Select Committee on Treasury Minutes of Evidence


Memorandum submitted by the Financial Services Authority

  On 2 July the Committee asked (Q 388) for a note on the fees which the FSA pays to external consultants. As Howard Davies explained in oral evidence, as part of our supervision of individual firms, from time to time we commission what are called in the legislative language "reports by skilled persons". These are often carried out by the auditors of the regulated firm concerned and involve a report to the firm and to us on aspects of the firm's business, for example its risk management systems or its claims reconciliation procedures. In such cases the regulated firm:

    —  pays the fee; and

    —  typically nominates the skilled person, for our approval.

  The purchasing decision is therefore not the FSA's, and we do not cover such work in this note.

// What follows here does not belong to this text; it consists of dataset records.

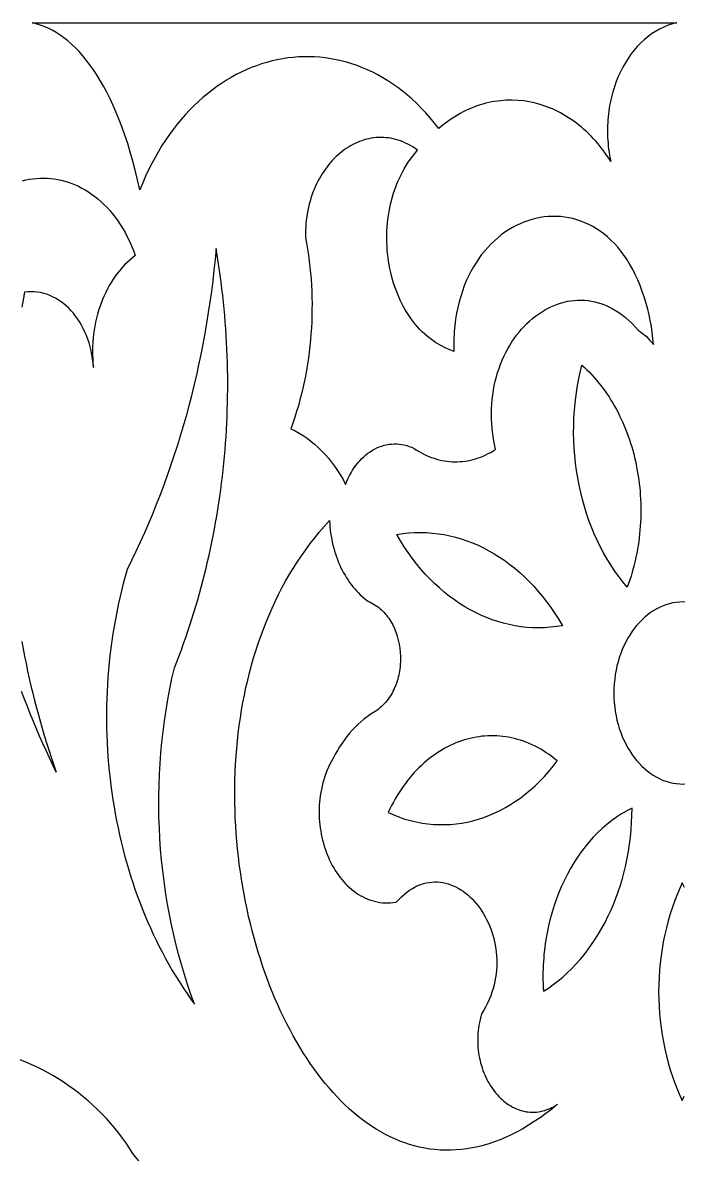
# Model space of a CAD drawing. Extents: x -1145 to -490, y -328 to 327.
# Drawn here: x -859.5 to -817.8, y -274.7 to -202.8 of the extents above; entities that cross this region are included whole.
import ezdxf

# ---------------------------------------------------------------- set-up
doc = ezdxf.new("R2010")
doc.units = 0
doc.layers.add('LAYER_1', color=18, linetype='CONTINUOUS')

msp = doc.modelspace()

# ---------------------------------------------------------------- linework, layer by layer
at = {"layer": 'LAYER_1'}
for points in [[(-852.107, -213.373), (-852.25, -212.747), (-852.399, -212.141), (-852.554, -211.557), (-852.715, -210.993), (-852.882, -210.45), (-853.055, -209.927), (-853.233, -209.424), (-853.416, -208.942), (-853.605, -208.478), (-853.798, -208.034), (-853.996, -207.61), (-854.199, -207.204), (-854.406, -206.818), (-854.617, -206.45), (-854.832, -206.101), (-855.051, -205.769), (-855.274, -205.456), (-855.5, -205.161), (-855.729, -204.883), (-855.961, -204.623), (-856.196, -204.381), (-856.434, -204.155), (-856.675, -203.946), (-856.918, -203.754), (-857.163, -203.578), (-857.41, -203.419), (-857.659, -203.275), (-857.909, -203.148), (-858.161, -203.036), (-858.414, -202.94), (-858.668, -202.859), (-858.923, -202.793), (-818.097, -202.793), (-818.383, -202.865), (-818.662, -202.957), (-818.934, -203.068), (-819.198, -203.196), (-819.455, -203.341), (-819.704, -203.503), (-819.944, -203.681), (-820.176, -203.875), (-820.398, -204.083), (-820.612, -204.305), (-820.815, -204.542), (-821.009, -204.791), (-821.192, -205.052), (-821.365, -205.326), (-821.527, -205.61), (-821.678, -205.905), (-821.817, -206.211), (-821.944, -206.525), (-822.059, -206.849), (-822.161, -207.18), (-822.25, -207.519), (-822.29, -207.692), (-822.327, -207.866), (-822.36, -208.041), (-822.39, -208.218), (-822.416, -208.397), (-822.439, -208.577), (-822.458, -208.758), (-822.473, -208.94), (-822.485, -209.124), (-822.494, -209.308), (-822.498, -209.494), (-822.499, -209.681), (-822.496, -209.868), (-822.49, -210.056), (-822.479, -210.245), (-822.465, -210.434), (-822.446, -210.624), (-822.424, -210.815), (-822.398, -211.006), (-822.367, -211.197), (-822.333, -211.388), (-822.294, -211.58), (-822.42, -211.383), (-822.55, -211.191), (-822.682, -211.005), (-822.817, -210.823), (-822.954, -210.646), (-823.095, -210.474), (-823.238, -210.308), (-823.383, -210.146), (-823.531, -209.99), (-823.681, -209.838), (-823.834, -209.692), (-823.988, -209.55), (-824.145, -209.414), (-824.304, -209.283), (-824.465, -209.157), (-824.628, -209.036), (-824.792, -208.921), (-824.959, -208.81), (-825.127, -208.705), (-825.296, -208.605), (-825.467, -208.51), (-825.64, -208.42), (-825.814, -208.335), (-825.989, -208.256), (-826.165, -208.182), (-826.343, -208.113), (-826.522, -208.05), (-826.701, -207.991), (-827.063, -207.891), (-827.428, -207.811), (-827.795, -207.753), (-828.164, -207.716), (-828.534, -207.701), (-828.905, -207.707), (-829.276, -207.735), (-829.646, -207.784), (-829.83, -207.817), (-830.015, -207.856), (-830.198, -207.9), (-830.382, -207.949), (-830.564, -208.004), (-830.746, -208.064), (-830.927, -208.13), (-831.107, -208.202), (-831.286, -208.279), (-831.465, -208.361), (-831.642, -208.449), (-831.818, -208.543), (-831.993, -208.642), (-832.166, -208.747), (-832.338, -208.858), (-832.509, -208.974), (-832.678, -209.096), (-832.845, -209.223), (-833.011, -209.356), (-833.175, -209.495), (-833.445, -209.152), (-833.72, -208.823), (-834, -208.508), (-834.286, -208.206), (-834.576, -207.918), (-834.871, -207.644), (-835.17, -207.384), (-835.473, -207.137), (-835.78, -206.903), (-836.091, -206.683), (-836.405, -206.476), (-836.723, -206.283), (-837.043, -206.103), (-837.367, -205.936), (-837.692, -205.783), (-838.021, -205.642), (-838.351, -205.515), (-838.683, -205.401), (-839.017, -205.3), (-839.352, -205.211), (-839.689, -205.136), (-840.026, -205.073), (-840.364, -205.023), (-840.703, -204.986), (-841.042, -204.962), (-841.381, -204.95), (-841.72, -204.951), (-842.059, -204.964), (-842.397, -204.99), (-842.734, -205.028), (-843.07, -205.079), (-843.405, -205.142), (-843.738, -205.217), (-844.07, -205.305), (-844.4, -205.405), (-844.727, -205.517), (-845.052, -205.641), (-845.375, -205.777), (-845.695, -205.925), (-846.011, -206.085), (-846.325, -206.256), (-846.634, -206.44), (-846.941, -206.635), (-847.243, -206.843), (-847.541, -207.061), (-847.834, -207.292), (-848.123, -207.534), (-848.407, -207.788), (-848.686, -208.053), (-848.96, -208.329), (-849.228, -208.617), (-849.49, -208.916), (-849.747, -209.227), (-849.997, -209.549), (-850.24, -209.882), (-850.478, -210.226), (-850.708, -210.581), (-850.931, -210.947), (-851.147, -211.324), (-851.355, -211.712), (-851.555, -212.111), (-851.747, -212.521), (-851.932, -212.941)], [(-839.082, -232.041), (-839.005, -231.846), (-838.921, -231.658), (-838.832, -231.477), (-838.737, -231.303), (-838.637, -231.136), (-838.532, -230.977), (-838.421, -230.824), (-838.306, -230.68), (-838.187, -230.542), (-838.063, -230.413), (-837.935, -230.291), (-837.803, -230.177), (-837.668, -230.072), (-837.529, -229.974), (-837.388, -229.885), (-837.243, -229.804), (-837.096, -229.732), (-836.947, -229.669), (-836.795, -229.614), (-836.641, -229.569), (-836.486, -229.532), (-836.33, -229.505), (-836.172, -229.487), (-836.013, -229.478), (-835.854, -229.479), (-835.694, -229.49), (-835.534, -229.511), (-835.373, -229.541), (-835.213, -229.582), (-835.054, -229.633), (-834.895, -229.694), (-834.737, -229.765), (-834.585, -229.866), (-834.432, -229.96), (-834.277, -230.048), (-834.12, -230.129), (-833.962, -230.204), (-833.803, -230.273), (-833.642, -230.335), (-833.481, -230.391), (-833.319, -230.441), (-833.156, -230.484), (-832.992, -230.521), (-832.827, -230.552), (-832.663, -230.576), (-832.497, -230.594), (-832.332, -230.605), (-832.166, -230.611), (-832, -230.609), (-831.835, -230.602), (-831.669, -230.588), (-831.504, -230.567), (-831.339, -230.541), (-831.175, -230.508), (-831.011, -230.468), (-830.848, -230.422), (-830.686, -230.37), (-830.525, -230.311), (-830.365, -230.246), (-830.206, -230.175), (-830.048, -230.097), (-829.892, -230.013), (-829.737, -229.923), (-829.584, -229.826), (-829.655, -229.495), (-829.715, -229.167), (-829.763, -228.841), (-829.8, -228.519), (-829.825, -228.2), (-829.841, -227.884), (-829.845, -227.572), (-829.839, -227.264), (-829.824, -226.96), (-829.798, -226.66), (-829.763, -226.365), (-829.719, -226.074), (-829.665, -225.788), (-829.603, -225.507), (-829.532, -225.231), (-829.453, -224.961), (-829.366, -224.696), (-829.271, -224.437), (-829.168, -224.184), (-829.058, -223.938), (-828.94, -223.697), (-828.816, -223.464), (-828.685, -223.237), (-828.548, -223.018), (-828.405, -222.805), (-828.255, -222.6), (-828.1, -222.403), (-827.939, -222.213), (-827.774, -222.032), (-827.603, -221.858), (-827.427, -221.693), (-827.247, -221.537), (-827.063, -221.39), (-826.874, -221.251), (-826.682, -221.122), (-826.487, -221.003), (-826.288, -220.893), (-826.086, -220.792), (-825.881, -220.702), (-825.673, -220.622), (-825.463, -220.553), (-825.251, -220.494), (-825.038, -220.446), (-824.822, -220.408), (-824.605, -220.383), (-824.388, -220.368), (-824.169, -220.365), (-823.949, -220.375), (-823.729, -220.396), (-823.509, -220.429), (-823.289, -220.475), (-823.069, -220.533), (-822.85, -220.604), (-822.632, -220.689), (-822.414, -220.786), (-822.198, -220.897), (-821.983, -221.022), (-821.77, -221.16), (-821.559, -221.312), (-821.35, -221.479), (-821.144, -221.66), (-820.94, -221.856), (-820.74, -222.066), (-820.542, -222.292), (-820.411, -222.379), (-820.283, -222.474), (-820.158, -222.575), (-820.037, -222.684), (-819.92, -222.798), (-819.806, -222.92), (-819.696, -223.047), (-819.591, -223.181), (-819.622, -222.8), (-819.664, -222.42), (-819.719, -222.044), (-819.785, -221.67), (-819.863, -221.301), (-819.952, -220.935), (-820.052, -220.574), (-820.163, -220.219), (-820.292, -219.826), (-820.43, -219.45), (-820.578, -219.09), (-820.735, -218.747), (-820.901, -218.419), (-821.075, -218.108), (-821.257, -217.812), (-821.447, -217.532), (-821.644, -217.268), (-821.848, -217.019), (-822.059, -216.786), (-822.276, -216.568), (-822.498, -216.366), (-822.725, -216.178), (-822.958, -216.005), (-823.195, -215.848), (-823.436, -215.705), (-823.681, -215.576), (-823.929, -215.463), (-824.18, -215.363), (-824.434, -215.278), (-824.69, -215.208), (-824.947, -215.151), (-825.206, -215.108), (-825.466, -215.08), (-825.727, -215.065), (-825.988, -215.063), (-826.248, -215.075), (-826.509, -215.101), (-826.768, -215.14), (-827.025, -215.192), (-827.282, -215.258), (-827.535, -215.336), (-827.787, -215.428), (-828.035, -215.532), (-828.281, -215.648), (-828.522, -215.778), (-828.76, -215.92), (-828.993, -216.074), (-829.221, -216.24), (-829.444, -216.419), (-829.661, -216.609), (-829.872, -216.812), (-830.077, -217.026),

  In relation to the financial year ending 31 March 2002 the position is as follows:

    —  as recorded in our Annual Report—see Table 8.3 on page 59—we spent £10.1 million on professional fees within our "control total". This covers a range of outsourced services and projects, for example the consumer relations helpline and research to inform our policy work on polarisation;

    —  in addition, we incurred professional fees of £6.0 million in areas which do not fall without our control total costs. These included external enforcement costs and the costs of the Baird review of our regulation of Equitable Life. See page 57 of the FSA Annual Report—this is a combination of the external enforcement costs £2.7 million and the regulatory review costs £3.3 million;

    —  regarding the FSA's level of expenditure with accountancy firms—of the totals outlined in the previous two bullets, the FSA's spend with accountancy firms is £5.6 million. £5.2 million of this goes to the "Big Four/Five" with the remainder going to the smaller firms. Out of the £5.2 million, £3.4 million relates to professional fees and £1.8 million relates to secondees.

  We would also like to flag to you an inaccuracy in the joint Memorandum to the Committee submitted by DTI and Treasury. Paragraph 7, describing our listing function, is actually a description of the way we regulate firms; it is not a correct description of the work we do as the UK Listing Authority.